Aeroecology - an area of technology that has long fascinated me - is the study of biota in the atmosphere using Nex Rad Weather Radar. The science is relatively new, but is developing rapidly, and is used for studies of insects, bats, and birds. During 2018, Pantex contracted with Dr. Jeffrey Kelly and the Aeroecology Group within the Plains Institute at the University of Oklahoma for research to evaluate whether Nex Rad Weather Radar could be used as a monitoring tool for the monarch butterfly and other pollinator species that migrate. I felt that since radar can detect tiny insects emerging from lakes and rivers, surely it could be used for some much needed monitoring of the declining monarch butterfly.
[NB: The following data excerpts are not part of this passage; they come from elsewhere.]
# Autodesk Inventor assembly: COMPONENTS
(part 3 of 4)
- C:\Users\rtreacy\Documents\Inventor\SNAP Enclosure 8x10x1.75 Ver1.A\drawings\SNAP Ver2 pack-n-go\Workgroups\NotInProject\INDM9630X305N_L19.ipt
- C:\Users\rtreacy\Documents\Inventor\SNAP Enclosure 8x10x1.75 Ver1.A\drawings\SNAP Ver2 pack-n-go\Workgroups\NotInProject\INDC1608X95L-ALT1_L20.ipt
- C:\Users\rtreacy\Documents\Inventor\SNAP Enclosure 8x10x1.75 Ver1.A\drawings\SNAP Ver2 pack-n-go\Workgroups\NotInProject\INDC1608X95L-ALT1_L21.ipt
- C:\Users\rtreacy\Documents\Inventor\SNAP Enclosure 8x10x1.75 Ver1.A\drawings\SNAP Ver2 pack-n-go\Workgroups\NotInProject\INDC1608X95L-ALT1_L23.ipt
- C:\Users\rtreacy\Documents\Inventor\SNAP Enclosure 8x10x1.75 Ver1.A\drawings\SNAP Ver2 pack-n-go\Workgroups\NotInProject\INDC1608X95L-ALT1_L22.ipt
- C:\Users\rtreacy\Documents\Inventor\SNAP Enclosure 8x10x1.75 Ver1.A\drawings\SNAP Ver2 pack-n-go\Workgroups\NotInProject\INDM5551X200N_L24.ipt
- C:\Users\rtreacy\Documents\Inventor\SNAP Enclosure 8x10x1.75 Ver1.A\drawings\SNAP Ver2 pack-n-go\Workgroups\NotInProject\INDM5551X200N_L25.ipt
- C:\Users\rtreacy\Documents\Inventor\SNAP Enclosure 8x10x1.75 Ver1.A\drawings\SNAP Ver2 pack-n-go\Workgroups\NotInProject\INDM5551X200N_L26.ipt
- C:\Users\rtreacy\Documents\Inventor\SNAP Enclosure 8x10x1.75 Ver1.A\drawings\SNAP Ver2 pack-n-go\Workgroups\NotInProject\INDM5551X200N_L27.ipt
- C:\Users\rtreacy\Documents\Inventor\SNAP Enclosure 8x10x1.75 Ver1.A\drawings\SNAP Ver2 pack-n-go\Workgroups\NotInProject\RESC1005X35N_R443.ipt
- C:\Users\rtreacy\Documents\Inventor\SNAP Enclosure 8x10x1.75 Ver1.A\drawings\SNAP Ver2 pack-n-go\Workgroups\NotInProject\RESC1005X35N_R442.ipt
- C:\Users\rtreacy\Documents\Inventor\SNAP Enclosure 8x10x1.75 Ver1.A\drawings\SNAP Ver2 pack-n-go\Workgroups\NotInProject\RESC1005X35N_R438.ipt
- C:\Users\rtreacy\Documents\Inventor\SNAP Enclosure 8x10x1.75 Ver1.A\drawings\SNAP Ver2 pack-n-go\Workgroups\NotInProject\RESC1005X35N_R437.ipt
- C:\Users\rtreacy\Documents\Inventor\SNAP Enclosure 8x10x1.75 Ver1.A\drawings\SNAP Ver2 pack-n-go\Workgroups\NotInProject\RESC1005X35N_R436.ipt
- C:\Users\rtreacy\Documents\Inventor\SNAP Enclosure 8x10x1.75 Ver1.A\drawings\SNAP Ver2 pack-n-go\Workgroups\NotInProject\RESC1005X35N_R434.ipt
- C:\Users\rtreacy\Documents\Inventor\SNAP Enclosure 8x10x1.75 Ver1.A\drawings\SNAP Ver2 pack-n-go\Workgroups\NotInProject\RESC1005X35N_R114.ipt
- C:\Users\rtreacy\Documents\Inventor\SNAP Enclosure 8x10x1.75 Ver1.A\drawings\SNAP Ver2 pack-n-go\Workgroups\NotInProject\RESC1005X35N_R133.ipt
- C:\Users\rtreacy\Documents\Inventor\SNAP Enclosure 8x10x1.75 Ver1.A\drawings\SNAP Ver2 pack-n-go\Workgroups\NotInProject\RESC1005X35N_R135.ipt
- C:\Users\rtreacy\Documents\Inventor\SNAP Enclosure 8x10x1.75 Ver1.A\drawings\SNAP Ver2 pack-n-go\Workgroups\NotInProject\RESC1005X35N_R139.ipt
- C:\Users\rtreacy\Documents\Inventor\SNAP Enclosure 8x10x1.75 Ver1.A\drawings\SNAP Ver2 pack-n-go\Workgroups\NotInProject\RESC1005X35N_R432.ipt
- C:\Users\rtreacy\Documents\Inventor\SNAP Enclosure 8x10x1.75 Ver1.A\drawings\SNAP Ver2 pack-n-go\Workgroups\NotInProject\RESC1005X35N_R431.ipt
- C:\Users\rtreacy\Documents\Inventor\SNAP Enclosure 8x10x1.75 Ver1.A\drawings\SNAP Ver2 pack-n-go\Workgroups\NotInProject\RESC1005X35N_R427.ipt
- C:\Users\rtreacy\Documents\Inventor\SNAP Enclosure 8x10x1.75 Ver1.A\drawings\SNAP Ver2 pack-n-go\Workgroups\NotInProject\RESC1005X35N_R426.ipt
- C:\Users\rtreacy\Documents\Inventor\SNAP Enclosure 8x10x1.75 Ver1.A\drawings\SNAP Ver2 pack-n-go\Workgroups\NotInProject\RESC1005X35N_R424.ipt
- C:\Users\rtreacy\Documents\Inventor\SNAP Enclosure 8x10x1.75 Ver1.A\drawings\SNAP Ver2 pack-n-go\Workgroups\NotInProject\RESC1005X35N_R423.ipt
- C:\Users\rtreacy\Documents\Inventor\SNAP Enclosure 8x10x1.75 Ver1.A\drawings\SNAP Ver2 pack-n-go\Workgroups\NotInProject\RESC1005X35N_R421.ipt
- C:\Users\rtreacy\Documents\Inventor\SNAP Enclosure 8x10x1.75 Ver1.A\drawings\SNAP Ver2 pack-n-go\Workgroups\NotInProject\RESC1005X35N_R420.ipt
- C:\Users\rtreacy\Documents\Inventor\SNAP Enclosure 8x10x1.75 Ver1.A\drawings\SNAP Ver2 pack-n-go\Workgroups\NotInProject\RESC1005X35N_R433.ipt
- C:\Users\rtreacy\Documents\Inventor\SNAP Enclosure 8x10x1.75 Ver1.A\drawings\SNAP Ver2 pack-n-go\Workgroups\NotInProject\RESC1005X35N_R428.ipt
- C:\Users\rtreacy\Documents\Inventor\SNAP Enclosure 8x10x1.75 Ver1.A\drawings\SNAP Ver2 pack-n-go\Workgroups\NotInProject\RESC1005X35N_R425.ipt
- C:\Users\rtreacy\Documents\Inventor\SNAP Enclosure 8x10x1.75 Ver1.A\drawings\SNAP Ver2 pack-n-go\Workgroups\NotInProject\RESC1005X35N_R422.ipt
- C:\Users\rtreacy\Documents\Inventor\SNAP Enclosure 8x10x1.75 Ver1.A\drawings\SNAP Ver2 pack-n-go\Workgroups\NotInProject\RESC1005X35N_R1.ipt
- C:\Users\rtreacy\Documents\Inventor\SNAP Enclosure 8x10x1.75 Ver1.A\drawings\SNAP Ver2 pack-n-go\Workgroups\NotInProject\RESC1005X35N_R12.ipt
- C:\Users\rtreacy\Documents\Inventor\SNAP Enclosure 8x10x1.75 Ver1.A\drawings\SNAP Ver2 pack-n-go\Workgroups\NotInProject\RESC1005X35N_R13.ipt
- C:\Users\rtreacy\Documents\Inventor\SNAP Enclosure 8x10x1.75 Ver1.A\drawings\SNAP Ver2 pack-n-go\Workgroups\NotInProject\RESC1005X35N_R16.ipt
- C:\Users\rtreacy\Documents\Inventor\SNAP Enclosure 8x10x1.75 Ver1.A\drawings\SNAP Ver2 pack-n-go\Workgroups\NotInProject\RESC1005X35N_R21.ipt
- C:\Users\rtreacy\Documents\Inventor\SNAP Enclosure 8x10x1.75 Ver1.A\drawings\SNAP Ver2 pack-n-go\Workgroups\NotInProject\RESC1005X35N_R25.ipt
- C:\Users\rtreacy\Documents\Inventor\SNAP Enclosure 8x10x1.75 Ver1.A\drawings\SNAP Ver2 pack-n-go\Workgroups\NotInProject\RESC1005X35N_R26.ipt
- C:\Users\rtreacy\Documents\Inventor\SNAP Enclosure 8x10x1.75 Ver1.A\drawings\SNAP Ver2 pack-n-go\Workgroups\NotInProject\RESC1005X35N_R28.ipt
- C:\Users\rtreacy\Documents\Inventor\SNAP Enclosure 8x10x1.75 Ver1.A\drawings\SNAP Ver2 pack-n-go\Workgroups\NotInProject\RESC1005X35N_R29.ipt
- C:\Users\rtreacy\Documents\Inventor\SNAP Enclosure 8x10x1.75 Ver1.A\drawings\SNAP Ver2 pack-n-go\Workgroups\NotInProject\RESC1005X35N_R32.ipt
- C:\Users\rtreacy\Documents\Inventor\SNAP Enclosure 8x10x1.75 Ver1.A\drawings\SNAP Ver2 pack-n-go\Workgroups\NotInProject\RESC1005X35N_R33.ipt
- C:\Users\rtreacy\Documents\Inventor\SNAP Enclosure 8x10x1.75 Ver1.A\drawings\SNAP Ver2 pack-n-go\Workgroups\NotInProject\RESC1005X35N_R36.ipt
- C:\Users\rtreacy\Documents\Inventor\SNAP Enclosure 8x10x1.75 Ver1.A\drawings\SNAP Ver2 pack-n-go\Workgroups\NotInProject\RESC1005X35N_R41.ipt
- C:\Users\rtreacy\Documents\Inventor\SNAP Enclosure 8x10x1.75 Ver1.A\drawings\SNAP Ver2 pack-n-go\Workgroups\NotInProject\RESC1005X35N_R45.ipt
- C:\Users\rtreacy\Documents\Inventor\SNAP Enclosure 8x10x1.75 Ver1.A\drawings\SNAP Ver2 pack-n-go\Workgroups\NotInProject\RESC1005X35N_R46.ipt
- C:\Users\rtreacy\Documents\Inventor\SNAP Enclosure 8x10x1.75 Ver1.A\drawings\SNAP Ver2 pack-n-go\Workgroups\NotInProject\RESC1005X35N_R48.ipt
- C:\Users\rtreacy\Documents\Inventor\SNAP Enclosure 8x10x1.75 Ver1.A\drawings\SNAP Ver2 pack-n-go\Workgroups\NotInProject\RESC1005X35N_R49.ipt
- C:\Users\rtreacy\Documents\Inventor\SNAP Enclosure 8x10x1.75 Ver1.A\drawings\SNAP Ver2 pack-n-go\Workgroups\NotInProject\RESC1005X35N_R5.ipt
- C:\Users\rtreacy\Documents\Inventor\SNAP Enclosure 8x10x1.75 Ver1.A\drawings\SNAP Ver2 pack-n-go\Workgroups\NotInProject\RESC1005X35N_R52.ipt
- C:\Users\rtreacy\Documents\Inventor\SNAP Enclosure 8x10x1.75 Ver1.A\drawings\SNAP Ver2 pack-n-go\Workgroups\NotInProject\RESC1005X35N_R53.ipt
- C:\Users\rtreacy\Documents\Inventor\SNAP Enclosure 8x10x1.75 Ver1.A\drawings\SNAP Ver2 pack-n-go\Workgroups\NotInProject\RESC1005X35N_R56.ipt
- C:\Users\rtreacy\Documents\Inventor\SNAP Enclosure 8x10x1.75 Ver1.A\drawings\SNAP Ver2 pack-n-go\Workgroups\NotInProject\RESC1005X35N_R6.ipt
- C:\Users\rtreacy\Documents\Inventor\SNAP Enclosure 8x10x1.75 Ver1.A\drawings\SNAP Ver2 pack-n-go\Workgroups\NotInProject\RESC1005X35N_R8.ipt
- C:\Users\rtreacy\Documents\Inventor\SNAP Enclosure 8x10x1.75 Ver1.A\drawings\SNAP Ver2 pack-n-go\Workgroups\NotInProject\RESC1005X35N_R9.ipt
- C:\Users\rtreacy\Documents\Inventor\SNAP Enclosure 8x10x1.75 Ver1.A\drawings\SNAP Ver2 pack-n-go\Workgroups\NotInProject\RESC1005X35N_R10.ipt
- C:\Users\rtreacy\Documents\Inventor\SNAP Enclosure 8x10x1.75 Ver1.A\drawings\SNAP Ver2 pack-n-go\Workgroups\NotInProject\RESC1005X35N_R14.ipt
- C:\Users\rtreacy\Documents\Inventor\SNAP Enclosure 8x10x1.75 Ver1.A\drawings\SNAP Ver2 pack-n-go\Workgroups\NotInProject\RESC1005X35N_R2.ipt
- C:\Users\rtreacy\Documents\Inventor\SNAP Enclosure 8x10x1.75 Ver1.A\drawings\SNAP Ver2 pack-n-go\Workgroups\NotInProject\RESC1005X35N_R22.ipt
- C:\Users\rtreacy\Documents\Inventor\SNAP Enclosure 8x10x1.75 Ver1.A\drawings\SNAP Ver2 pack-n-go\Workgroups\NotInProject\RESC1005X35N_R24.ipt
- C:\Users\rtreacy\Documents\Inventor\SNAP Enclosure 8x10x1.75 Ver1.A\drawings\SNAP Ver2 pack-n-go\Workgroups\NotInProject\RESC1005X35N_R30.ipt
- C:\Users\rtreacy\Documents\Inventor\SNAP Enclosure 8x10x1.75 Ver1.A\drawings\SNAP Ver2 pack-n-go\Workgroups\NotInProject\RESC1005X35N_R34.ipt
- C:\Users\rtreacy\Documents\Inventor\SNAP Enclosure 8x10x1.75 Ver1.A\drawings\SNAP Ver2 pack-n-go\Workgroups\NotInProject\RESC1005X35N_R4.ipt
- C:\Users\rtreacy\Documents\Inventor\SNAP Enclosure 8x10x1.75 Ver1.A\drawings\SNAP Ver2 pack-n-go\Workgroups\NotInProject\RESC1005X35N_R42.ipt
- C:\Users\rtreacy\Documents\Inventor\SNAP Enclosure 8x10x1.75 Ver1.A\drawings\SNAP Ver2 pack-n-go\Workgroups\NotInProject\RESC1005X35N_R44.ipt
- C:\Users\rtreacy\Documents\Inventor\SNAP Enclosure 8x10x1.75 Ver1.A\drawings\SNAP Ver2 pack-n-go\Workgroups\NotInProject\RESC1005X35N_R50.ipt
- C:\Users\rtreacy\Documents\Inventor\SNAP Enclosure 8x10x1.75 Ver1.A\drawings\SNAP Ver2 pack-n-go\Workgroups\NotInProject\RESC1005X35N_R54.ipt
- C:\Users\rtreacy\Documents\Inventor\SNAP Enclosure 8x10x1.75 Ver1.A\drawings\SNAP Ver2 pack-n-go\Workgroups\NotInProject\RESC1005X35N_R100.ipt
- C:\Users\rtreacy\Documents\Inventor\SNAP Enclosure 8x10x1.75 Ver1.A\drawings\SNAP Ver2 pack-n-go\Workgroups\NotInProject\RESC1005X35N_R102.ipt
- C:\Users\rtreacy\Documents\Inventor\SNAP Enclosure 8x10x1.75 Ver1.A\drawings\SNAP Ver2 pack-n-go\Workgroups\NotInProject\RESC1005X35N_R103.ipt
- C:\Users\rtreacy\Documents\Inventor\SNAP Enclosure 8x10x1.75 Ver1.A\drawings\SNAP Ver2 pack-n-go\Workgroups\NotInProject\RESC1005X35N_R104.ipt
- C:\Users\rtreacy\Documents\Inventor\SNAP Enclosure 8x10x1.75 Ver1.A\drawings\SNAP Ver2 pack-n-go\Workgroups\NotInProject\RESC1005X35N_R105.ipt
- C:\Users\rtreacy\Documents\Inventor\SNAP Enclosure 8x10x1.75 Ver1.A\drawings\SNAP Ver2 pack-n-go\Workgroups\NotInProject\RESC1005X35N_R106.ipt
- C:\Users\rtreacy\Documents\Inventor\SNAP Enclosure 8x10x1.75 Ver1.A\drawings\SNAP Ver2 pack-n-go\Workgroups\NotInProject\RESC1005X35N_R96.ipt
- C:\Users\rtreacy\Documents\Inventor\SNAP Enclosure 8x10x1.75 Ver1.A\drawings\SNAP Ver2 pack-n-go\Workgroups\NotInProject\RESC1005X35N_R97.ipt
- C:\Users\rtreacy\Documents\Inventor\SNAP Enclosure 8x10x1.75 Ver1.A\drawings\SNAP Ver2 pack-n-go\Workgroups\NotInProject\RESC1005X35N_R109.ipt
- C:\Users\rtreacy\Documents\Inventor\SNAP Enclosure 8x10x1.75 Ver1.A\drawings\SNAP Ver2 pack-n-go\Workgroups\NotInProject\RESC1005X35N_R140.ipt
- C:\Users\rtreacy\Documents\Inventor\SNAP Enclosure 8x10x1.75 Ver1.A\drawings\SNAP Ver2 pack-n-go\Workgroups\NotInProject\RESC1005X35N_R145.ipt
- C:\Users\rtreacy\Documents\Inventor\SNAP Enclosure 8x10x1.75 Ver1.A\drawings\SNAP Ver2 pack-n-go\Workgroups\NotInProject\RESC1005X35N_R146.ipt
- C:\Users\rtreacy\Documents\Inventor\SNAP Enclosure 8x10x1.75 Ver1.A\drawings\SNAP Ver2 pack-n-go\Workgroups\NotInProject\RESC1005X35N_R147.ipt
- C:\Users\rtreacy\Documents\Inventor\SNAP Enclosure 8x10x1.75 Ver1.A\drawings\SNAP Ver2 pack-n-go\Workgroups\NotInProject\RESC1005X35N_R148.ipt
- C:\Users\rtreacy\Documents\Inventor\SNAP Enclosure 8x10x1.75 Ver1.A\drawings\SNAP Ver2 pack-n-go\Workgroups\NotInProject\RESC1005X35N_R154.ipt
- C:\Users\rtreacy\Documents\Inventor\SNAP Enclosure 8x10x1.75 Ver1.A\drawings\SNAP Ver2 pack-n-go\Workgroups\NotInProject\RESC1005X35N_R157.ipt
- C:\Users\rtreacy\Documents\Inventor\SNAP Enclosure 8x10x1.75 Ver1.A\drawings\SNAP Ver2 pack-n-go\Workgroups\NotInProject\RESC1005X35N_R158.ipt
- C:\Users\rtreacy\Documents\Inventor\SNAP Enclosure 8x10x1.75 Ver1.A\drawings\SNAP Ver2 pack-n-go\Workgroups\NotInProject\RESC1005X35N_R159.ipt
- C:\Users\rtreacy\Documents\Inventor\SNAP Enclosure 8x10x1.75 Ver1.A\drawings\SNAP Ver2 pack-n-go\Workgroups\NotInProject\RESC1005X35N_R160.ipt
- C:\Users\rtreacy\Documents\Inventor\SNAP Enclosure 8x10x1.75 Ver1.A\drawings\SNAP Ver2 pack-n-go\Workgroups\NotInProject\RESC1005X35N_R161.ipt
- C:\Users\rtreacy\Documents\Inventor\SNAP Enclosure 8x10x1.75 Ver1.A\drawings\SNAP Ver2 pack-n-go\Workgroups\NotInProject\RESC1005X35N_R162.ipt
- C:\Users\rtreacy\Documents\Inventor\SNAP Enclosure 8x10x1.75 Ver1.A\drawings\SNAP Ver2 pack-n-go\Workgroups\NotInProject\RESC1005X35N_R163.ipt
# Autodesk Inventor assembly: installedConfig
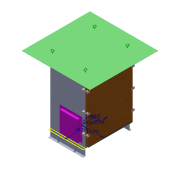
[picture p0: Inventor's stored thumbnail of the model, 180x180]
Saved by Autodesk Inventor 2017 (Build 210142000, 142)
## iProperties
Created: 2017-05-18
Part Number: installedConfig
Document SubType Name: Assembly
Designer: krosie
Author: krosie
## Documents named in this file (3)
- C:\Users\krosie\Google Drive\HERA\hera-cad\Node\Concept-ICTS\installedConfig.iam
- C:\Users\krosie\Google Drive\HERA\hera-cad\Node\protoPlinth.ipt
- C:\Users\krosie\Google Drive\HERA\hera-cad\Node\Concept-ICTS\ICTS-20170411\RD-A003-P000-REV0.iam
## Components (2 placed, 2 different names)
1. protoPlinth:1 — Mate:1, Tangent:1, Angle:1
2. RD-A003-P000-REV0:1 [sub-assembly] — Mate:1, Tangent:1, Angle:1
## Relationships (3: Mate 1, Tangent 1, Angle 1)
- Mate:1: protoPlinth:1 ↔ RD-A003-P000-REV0:1
- Tangent:1 (100 mm): protoPlinth:1 ↔ RD-A003-P000-REV0:1
- Angle:1 (0 deg): protoPlinth:1 ↔ RD-A003-P000-REV0:1

There are varieties of tools within radar technology that allow researchers to differentiate the shape of biota from that of raindrops, detect the heading of their flight, and even that they are compensating for the wind. Further analysis tools of radar aeroecology can estimate body size and population numbers within the sampling range of the radar for each scan. Preliminary results of our study look very encouraging. We recently shared our work at a conference in Texas, and we have submitted a proposal to give a presentation at a national level conference occurring in Reno, Nevada, this fall.
Declining populations of pollinators should be concerning to all of us because of the enormous benefits they provide to our society and ecosystems. It is the hope of Pantex, the University of Oklahoma, and the DOE-NNSA that this work result in a valuable monitoring tool that can be used amid many components that will likely be necessary to forward conservation efforts focusing on our declining pollinators.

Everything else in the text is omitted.